• [Work instruction]:
The word "SaturateOnIntegerOverflow" occurs in some lines of the data. Return each such line.

• [Data for processing]:
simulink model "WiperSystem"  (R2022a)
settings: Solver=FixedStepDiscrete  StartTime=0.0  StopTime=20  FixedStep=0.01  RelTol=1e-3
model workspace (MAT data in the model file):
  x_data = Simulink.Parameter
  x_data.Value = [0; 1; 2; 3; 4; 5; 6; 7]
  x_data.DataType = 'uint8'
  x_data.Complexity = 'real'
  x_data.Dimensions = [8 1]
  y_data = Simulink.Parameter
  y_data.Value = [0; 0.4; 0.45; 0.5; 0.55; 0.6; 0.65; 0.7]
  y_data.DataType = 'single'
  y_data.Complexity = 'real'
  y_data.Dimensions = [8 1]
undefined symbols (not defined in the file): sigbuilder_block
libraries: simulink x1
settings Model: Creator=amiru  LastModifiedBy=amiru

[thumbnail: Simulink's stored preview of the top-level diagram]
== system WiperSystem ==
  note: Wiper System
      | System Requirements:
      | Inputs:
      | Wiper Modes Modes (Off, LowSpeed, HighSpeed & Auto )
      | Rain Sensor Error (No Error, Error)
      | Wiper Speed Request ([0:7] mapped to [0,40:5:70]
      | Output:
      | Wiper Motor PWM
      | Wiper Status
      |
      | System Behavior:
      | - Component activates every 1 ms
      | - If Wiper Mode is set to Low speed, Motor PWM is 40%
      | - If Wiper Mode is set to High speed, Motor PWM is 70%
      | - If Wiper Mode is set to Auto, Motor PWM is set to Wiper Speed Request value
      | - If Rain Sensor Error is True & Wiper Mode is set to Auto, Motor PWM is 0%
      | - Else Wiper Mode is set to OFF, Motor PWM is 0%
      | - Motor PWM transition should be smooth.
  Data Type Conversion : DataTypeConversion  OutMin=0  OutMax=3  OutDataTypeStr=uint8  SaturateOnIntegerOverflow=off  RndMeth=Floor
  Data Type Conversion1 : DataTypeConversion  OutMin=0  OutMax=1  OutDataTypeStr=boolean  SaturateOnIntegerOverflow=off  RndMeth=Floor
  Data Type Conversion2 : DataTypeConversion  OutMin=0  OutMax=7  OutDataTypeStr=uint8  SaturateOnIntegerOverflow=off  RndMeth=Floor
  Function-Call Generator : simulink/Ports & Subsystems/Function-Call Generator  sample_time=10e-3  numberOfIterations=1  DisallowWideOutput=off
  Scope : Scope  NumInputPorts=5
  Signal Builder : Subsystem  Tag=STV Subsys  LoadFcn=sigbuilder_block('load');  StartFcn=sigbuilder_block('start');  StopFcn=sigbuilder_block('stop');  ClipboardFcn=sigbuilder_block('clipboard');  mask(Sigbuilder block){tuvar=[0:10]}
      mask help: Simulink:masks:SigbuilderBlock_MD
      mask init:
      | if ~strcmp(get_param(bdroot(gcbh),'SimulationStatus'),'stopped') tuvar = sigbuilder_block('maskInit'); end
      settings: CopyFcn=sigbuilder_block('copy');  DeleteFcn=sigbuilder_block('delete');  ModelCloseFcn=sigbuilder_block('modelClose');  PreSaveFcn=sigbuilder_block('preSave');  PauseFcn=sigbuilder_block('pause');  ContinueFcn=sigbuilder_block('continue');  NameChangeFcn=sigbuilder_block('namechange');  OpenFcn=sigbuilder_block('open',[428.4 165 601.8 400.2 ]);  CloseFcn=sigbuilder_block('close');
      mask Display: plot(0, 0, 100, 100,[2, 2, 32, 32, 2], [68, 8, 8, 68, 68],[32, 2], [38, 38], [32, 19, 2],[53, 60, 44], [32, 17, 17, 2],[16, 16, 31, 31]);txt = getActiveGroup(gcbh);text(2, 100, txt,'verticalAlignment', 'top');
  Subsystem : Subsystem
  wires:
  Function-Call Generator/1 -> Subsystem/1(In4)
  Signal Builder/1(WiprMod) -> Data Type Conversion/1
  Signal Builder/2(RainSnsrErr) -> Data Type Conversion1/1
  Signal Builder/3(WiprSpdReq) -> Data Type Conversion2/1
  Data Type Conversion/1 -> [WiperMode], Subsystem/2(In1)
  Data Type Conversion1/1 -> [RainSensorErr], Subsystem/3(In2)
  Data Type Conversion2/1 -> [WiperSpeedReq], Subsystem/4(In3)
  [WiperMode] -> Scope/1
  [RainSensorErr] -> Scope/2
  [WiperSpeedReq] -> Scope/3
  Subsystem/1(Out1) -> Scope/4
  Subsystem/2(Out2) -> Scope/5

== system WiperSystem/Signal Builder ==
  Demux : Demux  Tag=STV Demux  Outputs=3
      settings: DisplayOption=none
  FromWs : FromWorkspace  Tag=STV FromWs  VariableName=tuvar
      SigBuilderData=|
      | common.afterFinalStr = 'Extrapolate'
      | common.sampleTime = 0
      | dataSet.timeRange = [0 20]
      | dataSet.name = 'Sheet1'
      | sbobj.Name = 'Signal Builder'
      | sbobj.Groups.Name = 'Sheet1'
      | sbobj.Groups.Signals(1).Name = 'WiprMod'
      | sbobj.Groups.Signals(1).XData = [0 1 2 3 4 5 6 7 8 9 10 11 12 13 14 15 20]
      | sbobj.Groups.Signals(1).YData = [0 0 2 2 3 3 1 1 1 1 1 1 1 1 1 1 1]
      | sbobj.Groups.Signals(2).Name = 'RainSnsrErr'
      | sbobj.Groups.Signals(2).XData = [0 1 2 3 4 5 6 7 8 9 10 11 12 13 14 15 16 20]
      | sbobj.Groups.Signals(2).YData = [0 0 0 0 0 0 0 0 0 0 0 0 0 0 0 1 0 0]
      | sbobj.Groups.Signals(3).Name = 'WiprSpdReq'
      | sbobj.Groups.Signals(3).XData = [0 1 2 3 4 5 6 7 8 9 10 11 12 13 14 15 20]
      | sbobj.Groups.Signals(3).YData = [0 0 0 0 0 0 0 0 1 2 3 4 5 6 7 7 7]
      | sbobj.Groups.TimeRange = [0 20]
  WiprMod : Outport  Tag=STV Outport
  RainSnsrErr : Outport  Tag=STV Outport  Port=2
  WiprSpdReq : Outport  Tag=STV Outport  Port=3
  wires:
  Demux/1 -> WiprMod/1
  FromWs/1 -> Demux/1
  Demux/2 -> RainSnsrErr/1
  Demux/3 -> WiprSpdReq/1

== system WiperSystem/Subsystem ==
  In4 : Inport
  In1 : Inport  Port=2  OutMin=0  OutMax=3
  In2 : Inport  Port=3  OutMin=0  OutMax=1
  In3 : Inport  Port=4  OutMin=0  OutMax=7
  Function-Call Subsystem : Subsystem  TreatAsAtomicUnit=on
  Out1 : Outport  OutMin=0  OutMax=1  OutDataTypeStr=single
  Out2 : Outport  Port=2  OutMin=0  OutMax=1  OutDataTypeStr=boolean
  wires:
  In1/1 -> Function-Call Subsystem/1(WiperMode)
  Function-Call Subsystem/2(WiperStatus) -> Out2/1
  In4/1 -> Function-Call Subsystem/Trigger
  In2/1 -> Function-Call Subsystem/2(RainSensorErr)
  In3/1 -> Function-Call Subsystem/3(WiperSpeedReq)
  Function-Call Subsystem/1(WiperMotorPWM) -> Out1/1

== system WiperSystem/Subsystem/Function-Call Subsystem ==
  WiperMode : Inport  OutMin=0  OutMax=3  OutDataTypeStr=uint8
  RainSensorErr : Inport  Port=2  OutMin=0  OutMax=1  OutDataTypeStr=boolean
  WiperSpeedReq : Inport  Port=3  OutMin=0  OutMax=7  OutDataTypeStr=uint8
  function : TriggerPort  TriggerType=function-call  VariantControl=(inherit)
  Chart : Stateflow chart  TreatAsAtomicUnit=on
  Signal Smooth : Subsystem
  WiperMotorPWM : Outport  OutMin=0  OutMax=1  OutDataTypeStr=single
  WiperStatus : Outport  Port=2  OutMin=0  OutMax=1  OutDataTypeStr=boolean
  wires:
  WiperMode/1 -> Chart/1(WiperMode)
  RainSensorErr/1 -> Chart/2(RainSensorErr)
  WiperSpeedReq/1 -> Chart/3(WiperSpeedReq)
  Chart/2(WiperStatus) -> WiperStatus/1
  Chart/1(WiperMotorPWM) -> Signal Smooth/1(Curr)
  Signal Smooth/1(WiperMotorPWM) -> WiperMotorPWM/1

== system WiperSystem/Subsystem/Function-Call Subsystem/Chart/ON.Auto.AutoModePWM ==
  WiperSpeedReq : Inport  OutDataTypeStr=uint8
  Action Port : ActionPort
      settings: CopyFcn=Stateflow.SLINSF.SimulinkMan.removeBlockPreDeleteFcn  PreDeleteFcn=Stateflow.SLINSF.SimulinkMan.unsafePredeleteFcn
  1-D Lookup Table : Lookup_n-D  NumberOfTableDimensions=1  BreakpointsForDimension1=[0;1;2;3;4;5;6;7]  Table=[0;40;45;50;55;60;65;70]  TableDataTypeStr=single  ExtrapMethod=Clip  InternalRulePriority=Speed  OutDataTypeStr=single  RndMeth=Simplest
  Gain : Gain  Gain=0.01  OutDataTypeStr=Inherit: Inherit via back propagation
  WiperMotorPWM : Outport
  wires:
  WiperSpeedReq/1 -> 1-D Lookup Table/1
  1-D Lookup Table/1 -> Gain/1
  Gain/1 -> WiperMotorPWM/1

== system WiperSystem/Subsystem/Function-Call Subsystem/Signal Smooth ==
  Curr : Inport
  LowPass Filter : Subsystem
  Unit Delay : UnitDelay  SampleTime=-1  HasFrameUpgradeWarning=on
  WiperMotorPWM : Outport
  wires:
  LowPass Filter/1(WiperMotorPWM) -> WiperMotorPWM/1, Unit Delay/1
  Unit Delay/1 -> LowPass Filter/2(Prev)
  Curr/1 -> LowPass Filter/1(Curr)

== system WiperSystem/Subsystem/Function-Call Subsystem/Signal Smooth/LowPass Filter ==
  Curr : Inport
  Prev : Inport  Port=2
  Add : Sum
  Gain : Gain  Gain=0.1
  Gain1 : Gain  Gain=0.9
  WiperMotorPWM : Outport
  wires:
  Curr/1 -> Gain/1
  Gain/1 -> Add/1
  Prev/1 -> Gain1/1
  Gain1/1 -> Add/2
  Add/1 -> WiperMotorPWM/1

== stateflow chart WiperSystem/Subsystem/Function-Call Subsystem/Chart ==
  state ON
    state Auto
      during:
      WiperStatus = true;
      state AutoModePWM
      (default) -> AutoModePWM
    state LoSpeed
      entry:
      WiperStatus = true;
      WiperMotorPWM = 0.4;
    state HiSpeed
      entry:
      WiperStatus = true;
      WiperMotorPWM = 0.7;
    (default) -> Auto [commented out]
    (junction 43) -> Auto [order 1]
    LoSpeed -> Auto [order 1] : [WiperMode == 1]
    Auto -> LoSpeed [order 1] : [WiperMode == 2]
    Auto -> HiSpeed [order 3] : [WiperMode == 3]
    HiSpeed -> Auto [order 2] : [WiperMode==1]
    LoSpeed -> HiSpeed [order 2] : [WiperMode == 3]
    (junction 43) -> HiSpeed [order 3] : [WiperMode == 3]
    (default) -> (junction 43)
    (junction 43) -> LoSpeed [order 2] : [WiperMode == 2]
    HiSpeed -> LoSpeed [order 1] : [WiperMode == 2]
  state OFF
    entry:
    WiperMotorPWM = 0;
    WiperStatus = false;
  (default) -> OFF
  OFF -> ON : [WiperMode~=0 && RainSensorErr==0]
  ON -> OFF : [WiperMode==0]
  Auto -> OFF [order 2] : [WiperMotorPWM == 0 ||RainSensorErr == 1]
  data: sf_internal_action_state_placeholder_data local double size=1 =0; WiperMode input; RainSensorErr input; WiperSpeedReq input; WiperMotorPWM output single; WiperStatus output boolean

• [Reply to the exercise]:
  Data Type Conversion : DataTypeConversion  OutMin=0  OutMax=3  OutDataTypeStr=uint8  SaturateOnIntegerOverflow=off  RndMeth=Floor
  Data Type Conversion1 : DataTypeConversion  OutMin=0  OutMax=1  OutDataTypeStr=boolean  SaturateOnIntegerOverflow=off  RndMeth=Floor
  Data Type Conversion2 : DataTypeConversion  OutMin=0  OutMax=7  OutDataTypeStr=uint8  SaturateOnIntegerOverflow=off  RndMeth=Floor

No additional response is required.